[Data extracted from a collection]
+ + + + + + +

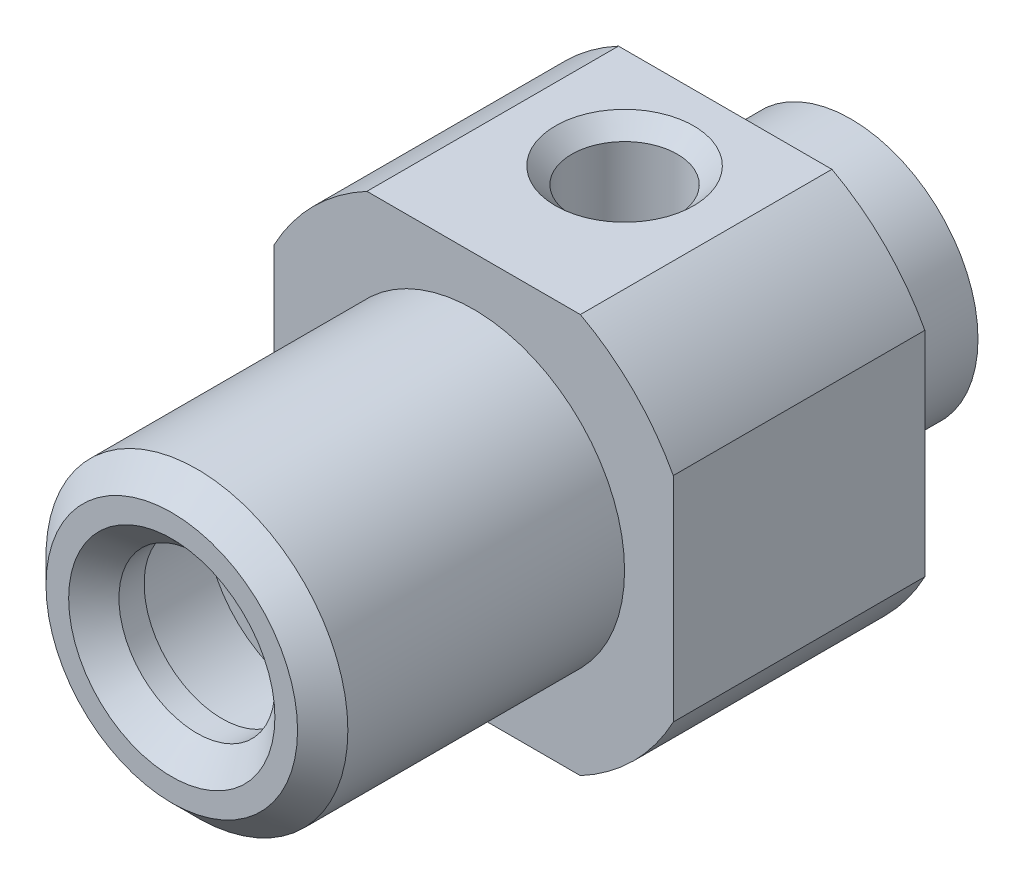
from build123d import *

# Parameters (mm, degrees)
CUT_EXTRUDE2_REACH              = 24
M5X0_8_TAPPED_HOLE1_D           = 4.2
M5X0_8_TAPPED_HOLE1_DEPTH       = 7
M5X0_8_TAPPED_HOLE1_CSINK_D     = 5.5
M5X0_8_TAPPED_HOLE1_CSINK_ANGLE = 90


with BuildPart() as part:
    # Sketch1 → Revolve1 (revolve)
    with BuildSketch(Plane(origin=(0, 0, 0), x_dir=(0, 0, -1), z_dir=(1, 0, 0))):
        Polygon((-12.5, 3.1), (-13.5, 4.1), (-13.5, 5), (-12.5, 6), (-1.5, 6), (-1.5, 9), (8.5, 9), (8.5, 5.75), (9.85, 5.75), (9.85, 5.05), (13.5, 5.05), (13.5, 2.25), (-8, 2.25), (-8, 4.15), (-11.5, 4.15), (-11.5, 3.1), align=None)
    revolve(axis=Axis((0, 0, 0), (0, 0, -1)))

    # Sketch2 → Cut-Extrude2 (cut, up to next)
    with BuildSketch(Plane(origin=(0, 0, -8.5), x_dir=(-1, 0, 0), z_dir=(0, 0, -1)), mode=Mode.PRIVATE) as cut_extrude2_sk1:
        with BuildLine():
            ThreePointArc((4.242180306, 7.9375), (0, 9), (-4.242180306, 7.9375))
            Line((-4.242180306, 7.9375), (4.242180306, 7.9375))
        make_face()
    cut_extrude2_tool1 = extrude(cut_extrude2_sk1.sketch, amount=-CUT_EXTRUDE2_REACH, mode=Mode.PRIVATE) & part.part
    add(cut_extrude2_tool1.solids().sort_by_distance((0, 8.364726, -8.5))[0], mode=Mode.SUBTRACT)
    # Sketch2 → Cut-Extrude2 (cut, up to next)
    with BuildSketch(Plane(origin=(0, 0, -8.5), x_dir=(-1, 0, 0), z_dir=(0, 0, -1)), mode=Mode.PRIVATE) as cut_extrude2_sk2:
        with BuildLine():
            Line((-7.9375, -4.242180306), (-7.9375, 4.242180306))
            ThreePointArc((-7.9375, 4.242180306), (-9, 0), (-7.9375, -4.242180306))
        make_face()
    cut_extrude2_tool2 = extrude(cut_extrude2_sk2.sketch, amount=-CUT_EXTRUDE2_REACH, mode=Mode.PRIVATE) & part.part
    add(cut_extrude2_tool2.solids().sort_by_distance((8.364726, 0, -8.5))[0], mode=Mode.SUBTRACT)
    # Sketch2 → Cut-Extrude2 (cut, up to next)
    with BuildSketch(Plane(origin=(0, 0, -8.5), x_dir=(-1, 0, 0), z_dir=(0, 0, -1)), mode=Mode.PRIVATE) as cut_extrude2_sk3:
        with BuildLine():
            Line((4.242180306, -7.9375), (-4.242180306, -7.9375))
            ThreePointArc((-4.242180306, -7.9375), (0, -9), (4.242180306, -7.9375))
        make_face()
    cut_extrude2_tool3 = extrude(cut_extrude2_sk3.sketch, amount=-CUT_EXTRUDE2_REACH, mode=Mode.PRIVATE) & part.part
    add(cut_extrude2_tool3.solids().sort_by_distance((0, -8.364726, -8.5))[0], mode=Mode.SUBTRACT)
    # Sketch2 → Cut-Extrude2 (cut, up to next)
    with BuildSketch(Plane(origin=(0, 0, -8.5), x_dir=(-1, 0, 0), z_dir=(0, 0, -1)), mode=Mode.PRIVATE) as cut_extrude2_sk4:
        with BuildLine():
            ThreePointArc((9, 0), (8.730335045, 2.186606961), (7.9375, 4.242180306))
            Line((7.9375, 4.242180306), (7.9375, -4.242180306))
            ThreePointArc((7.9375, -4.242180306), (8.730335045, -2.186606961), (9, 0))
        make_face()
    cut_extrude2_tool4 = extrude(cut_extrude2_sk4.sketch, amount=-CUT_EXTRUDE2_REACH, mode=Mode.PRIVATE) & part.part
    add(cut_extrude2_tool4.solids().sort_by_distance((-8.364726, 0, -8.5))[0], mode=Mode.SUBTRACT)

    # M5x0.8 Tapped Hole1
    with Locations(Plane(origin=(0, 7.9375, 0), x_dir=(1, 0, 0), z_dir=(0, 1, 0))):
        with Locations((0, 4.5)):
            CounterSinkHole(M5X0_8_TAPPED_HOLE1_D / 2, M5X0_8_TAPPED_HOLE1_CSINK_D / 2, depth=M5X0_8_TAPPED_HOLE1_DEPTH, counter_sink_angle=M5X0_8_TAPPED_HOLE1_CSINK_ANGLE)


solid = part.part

+ + + + + + +

◆ About this exercise:
From the data above, copy each line that holds "Locations".

◆ Written response:
    with Locations(Plane(origin=(0, 7.9375, 0), x_dir=(1, 0, 0), z_dir=(0, 1, 0))):
        with Locations((0, 4.5)):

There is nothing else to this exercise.